To do: Please filter the data below down to the lines holding the string "origin".

Input material:

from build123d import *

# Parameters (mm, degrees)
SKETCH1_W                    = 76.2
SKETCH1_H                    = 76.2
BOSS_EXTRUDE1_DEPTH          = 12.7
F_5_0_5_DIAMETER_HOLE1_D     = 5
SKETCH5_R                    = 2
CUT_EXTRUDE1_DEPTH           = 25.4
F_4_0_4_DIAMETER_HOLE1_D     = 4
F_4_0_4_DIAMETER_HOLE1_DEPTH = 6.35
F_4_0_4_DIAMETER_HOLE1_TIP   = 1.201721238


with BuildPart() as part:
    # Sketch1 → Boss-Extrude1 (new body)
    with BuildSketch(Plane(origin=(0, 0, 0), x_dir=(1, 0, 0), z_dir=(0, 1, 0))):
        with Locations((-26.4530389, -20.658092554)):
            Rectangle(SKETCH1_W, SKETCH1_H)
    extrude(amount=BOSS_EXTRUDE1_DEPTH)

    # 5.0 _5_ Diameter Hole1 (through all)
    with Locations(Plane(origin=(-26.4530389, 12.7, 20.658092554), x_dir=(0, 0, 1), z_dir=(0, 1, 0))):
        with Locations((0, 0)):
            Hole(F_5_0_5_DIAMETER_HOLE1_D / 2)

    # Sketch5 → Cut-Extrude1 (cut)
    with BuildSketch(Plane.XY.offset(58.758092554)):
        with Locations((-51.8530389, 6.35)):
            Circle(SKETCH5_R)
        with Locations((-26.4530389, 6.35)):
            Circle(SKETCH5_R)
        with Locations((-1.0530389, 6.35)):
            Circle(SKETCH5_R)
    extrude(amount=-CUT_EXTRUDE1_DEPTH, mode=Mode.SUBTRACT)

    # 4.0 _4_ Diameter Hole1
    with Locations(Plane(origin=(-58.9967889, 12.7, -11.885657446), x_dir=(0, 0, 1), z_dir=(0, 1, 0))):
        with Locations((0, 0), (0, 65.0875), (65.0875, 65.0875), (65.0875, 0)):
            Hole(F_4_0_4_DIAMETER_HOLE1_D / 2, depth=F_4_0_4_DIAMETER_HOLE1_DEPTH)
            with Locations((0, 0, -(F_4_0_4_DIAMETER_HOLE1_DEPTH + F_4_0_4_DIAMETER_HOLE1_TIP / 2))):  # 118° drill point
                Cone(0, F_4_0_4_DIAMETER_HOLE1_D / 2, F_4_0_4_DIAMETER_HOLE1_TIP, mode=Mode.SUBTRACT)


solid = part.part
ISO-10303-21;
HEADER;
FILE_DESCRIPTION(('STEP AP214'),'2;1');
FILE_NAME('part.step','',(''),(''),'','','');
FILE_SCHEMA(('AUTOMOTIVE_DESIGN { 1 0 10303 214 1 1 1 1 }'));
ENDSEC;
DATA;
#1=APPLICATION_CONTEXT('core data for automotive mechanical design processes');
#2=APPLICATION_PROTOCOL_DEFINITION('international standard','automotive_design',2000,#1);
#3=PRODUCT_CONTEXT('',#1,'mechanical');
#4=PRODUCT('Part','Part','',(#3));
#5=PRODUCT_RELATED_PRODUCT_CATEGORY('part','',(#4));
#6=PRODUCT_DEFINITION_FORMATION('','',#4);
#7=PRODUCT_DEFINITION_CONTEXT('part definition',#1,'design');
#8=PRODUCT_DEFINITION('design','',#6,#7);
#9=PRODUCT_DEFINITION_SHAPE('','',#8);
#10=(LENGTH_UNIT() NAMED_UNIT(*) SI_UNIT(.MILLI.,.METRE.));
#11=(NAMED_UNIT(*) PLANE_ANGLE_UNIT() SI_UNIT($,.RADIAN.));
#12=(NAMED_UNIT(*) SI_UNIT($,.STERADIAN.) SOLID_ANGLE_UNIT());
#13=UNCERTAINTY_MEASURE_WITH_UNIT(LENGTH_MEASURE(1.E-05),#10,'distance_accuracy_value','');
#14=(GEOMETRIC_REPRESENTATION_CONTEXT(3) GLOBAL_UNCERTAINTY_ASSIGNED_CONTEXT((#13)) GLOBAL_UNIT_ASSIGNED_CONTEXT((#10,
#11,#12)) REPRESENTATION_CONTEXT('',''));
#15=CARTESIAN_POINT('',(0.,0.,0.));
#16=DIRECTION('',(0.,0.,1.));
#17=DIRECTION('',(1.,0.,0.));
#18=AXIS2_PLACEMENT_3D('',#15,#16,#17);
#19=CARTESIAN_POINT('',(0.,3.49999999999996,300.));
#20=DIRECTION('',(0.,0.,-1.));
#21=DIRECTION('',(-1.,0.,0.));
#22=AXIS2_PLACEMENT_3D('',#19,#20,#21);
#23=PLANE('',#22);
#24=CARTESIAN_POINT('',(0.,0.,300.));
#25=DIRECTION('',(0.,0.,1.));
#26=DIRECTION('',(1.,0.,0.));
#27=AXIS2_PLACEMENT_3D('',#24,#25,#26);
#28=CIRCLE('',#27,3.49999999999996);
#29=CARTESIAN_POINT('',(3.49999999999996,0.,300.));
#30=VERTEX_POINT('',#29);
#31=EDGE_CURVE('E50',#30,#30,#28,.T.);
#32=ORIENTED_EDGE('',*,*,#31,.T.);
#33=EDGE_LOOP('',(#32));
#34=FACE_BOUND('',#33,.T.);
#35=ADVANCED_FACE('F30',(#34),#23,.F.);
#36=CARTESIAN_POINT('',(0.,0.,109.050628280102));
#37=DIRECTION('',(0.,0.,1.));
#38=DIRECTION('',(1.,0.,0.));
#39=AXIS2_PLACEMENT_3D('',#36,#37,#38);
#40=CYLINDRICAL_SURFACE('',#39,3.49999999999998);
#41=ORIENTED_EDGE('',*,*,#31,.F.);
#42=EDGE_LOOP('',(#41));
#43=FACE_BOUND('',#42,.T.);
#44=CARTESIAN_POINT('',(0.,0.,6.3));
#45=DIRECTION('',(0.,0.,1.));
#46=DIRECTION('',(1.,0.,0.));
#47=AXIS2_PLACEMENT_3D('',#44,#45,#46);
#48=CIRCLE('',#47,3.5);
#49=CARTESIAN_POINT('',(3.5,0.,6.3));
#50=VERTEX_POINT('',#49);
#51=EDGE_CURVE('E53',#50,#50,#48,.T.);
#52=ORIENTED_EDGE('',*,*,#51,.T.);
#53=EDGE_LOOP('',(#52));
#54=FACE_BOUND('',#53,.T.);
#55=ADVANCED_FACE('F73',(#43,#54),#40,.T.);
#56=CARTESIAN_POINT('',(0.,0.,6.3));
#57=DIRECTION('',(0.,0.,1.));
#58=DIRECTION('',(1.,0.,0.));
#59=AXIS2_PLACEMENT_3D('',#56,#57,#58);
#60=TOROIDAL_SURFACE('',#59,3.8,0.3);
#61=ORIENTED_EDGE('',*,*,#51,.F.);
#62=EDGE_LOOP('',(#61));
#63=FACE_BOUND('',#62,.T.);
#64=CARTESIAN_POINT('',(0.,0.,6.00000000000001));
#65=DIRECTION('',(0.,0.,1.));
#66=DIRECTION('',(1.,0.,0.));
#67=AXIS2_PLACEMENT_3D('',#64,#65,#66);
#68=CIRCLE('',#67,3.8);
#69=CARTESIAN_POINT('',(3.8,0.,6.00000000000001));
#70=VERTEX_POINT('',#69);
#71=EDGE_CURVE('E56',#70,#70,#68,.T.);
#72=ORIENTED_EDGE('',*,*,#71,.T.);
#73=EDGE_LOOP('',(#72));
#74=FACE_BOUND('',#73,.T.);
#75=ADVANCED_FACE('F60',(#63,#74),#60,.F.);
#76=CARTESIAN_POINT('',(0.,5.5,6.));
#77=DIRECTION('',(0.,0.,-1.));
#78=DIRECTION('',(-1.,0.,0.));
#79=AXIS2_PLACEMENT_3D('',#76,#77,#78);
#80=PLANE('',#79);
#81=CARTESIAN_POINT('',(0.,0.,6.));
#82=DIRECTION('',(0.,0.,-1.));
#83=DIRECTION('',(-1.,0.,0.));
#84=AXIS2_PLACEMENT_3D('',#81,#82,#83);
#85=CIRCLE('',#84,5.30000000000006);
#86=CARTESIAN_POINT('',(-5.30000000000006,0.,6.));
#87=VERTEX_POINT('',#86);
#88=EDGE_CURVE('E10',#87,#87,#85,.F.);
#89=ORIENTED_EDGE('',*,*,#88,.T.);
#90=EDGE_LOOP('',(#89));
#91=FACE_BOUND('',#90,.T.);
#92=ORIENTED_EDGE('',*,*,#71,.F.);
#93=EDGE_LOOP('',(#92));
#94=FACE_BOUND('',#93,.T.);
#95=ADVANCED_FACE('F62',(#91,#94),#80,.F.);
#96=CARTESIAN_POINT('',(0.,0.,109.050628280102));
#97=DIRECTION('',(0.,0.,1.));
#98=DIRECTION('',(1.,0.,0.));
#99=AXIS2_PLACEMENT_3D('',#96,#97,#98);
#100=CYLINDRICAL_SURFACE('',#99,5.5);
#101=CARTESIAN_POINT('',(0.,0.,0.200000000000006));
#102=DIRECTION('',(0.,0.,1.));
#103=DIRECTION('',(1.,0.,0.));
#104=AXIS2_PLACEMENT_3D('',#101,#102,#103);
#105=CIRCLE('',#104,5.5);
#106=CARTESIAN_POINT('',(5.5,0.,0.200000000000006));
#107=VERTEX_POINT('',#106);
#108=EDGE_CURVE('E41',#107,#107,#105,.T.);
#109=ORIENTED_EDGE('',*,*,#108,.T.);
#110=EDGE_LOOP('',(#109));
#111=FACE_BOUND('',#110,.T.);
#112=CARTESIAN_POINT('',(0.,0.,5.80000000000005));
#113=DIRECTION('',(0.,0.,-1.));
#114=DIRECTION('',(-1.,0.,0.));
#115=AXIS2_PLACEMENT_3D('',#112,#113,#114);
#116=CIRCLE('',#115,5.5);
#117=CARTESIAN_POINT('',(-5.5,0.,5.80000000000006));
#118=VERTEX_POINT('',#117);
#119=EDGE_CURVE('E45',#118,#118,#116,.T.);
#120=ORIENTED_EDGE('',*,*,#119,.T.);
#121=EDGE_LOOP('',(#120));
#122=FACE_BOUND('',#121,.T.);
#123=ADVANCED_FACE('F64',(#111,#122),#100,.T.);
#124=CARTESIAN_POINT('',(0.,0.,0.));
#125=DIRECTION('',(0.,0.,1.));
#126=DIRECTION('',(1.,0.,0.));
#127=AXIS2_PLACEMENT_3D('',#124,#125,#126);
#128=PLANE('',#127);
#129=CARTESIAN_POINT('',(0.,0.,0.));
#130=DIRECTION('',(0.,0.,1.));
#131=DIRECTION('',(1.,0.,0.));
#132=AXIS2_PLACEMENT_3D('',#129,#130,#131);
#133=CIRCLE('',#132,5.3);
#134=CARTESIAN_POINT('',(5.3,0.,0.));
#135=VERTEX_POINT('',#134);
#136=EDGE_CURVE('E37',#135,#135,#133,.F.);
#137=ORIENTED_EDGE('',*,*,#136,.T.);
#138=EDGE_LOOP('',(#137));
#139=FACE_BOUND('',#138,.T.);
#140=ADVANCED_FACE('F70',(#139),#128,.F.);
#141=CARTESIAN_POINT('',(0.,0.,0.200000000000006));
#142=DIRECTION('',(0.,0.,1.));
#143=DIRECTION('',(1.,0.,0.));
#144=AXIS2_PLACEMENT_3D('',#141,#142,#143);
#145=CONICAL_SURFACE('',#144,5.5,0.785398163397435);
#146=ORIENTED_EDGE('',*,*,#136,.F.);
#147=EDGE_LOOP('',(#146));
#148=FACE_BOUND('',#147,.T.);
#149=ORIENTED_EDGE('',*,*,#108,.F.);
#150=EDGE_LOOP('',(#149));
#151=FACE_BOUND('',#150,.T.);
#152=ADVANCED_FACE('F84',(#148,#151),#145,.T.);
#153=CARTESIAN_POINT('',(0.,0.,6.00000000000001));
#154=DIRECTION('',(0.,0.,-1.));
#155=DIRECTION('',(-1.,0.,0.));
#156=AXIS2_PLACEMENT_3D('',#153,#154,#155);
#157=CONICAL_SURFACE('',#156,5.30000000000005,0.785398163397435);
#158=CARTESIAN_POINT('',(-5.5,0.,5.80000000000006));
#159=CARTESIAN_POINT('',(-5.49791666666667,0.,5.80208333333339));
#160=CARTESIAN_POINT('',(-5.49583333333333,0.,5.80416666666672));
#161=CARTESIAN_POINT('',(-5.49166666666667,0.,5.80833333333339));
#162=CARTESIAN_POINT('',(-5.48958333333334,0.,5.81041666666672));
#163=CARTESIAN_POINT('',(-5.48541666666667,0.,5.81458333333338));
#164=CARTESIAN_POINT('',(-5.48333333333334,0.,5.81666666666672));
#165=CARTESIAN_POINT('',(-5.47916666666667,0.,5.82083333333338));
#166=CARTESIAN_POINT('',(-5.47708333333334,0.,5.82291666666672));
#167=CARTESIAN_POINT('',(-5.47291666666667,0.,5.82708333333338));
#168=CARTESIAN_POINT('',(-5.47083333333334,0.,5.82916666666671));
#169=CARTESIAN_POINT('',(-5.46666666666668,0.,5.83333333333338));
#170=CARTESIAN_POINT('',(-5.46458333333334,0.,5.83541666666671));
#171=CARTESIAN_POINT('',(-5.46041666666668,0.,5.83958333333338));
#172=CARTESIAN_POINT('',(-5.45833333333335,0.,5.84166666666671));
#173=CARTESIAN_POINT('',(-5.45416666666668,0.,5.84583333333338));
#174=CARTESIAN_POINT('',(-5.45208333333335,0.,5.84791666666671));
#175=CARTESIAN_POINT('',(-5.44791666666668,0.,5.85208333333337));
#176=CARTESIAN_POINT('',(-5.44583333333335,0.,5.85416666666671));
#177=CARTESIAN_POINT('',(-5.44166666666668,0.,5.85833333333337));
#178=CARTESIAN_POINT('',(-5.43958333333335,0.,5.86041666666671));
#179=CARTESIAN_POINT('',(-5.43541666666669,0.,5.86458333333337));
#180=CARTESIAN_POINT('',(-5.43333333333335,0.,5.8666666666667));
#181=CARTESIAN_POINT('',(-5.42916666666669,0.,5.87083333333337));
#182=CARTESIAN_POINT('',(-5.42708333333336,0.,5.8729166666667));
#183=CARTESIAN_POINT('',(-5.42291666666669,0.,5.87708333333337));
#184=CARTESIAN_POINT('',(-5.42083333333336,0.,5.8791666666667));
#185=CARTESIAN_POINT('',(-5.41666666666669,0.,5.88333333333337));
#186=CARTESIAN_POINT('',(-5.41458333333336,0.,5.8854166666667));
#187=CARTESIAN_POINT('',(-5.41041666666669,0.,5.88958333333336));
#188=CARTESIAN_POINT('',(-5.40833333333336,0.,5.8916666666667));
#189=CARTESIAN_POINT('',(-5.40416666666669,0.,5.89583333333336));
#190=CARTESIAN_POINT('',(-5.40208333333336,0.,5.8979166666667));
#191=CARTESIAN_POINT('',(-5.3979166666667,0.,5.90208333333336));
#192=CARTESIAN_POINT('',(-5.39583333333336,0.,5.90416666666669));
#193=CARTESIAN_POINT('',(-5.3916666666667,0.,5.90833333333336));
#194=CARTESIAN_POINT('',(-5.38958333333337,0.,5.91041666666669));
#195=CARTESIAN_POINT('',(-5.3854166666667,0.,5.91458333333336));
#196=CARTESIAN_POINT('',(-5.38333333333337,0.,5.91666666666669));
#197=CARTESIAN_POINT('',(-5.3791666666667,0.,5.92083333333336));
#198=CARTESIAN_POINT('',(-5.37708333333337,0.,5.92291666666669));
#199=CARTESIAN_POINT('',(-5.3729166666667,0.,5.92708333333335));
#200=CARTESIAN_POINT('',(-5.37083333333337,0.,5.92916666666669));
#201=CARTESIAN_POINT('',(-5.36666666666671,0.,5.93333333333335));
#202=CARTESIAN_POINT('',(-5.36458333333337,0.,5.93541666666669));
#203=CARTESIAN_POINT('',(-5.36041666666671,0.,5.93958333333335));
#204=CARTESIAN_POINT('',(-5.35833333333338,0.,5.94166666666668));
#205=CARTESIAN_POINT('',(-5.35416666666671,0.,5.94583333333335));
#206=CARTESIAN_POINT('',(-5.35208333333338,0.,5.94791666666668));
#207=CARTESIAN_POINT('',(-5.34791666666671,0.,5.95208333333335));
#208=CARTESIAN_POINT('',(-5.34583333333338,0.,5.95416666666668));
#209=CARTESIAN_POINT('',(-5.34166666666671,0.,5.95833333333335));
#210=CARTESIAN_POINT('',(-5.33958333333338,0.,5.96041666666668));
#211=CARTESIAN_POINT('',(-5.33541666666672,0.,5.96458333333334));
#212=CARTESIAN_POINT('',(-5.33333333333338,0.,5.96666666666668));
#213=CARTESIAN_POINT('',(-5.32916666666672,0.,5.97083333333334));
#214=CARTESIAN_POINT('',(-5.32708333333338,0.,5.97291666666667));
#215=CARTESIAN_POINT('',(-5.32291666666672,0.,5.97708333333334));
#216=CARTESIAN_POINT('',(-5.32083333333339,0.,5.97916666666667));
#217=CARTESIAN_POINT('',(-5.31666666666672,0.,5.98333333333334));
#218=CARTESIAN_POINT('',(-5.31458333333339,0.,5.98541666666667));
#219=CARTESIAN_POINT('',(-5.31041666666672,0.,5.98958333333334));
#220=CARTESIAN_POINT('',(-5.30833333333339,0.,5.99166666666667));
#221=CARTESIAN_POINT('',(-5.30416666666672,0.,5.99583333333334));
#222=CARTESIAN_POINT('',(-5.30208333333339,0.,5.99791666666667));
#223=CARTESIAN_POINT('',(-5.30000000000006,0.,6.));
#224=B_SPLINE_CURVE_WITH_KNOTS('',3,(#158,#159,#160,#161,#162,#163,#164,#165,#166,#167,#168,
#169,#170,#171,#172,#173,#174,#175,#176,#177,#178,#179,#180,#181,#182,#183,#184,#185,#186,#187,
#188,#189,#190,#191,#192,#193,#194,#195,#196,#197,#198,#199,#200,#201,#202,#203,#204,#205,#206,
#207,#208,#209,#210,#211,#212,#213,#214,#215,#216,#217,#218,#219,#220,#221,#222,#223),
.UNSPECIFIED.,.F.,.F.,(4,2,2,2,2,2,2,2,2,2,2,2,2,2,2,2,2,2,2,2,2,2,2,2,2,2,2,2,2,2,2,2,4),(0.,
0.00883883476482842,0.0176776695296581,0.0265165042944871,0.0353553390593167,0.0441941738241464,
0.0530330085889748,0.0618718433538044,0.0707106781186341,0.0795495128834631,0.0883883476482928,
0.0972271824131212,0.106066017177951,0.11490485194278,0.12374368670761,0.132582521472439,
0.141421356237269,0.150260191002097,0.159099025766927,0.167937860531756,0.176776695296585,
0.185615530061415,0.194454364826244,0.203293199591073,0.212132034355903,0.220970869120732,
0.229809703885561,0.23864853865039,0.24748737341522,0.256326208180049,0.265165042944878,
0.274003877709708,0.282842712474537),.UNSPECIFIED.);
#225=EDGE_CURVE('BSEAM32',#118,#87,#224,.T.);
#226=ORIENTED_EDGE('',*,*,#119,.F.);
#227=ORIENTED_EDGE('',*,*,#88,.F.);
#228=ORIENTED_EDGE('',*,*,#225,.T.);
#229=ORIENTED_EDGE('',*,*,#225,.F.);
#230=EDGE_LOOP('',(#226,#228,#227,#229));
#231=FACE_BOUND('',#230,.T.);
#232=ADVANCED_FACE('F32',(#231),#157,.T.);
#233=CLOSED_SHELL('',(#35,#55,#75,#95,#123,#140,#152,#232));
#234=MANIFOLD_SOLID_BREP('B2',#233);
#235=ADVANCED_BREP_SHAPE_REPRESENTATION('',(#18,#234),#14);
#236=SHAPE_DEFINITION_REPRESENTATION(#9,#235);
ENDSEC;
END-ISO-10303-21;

Exercise answer:
    with BuildSketch(Plane(origin=(0, 0, 0), x_dir=(1, 0, 0), z_dir=(0, 1, 0))):
    with Locations(Plane(origin=(-26.4530389, 12.7, 20.658092554), x_dir=(0, 0, 1), z_dir=(0, 1, 0))):
    with Locations(Plane(origin=(-58.9967889, 12.7, -11.885657446), x_dir=(0, 0, 1), z_dir=(0, 1, 0))):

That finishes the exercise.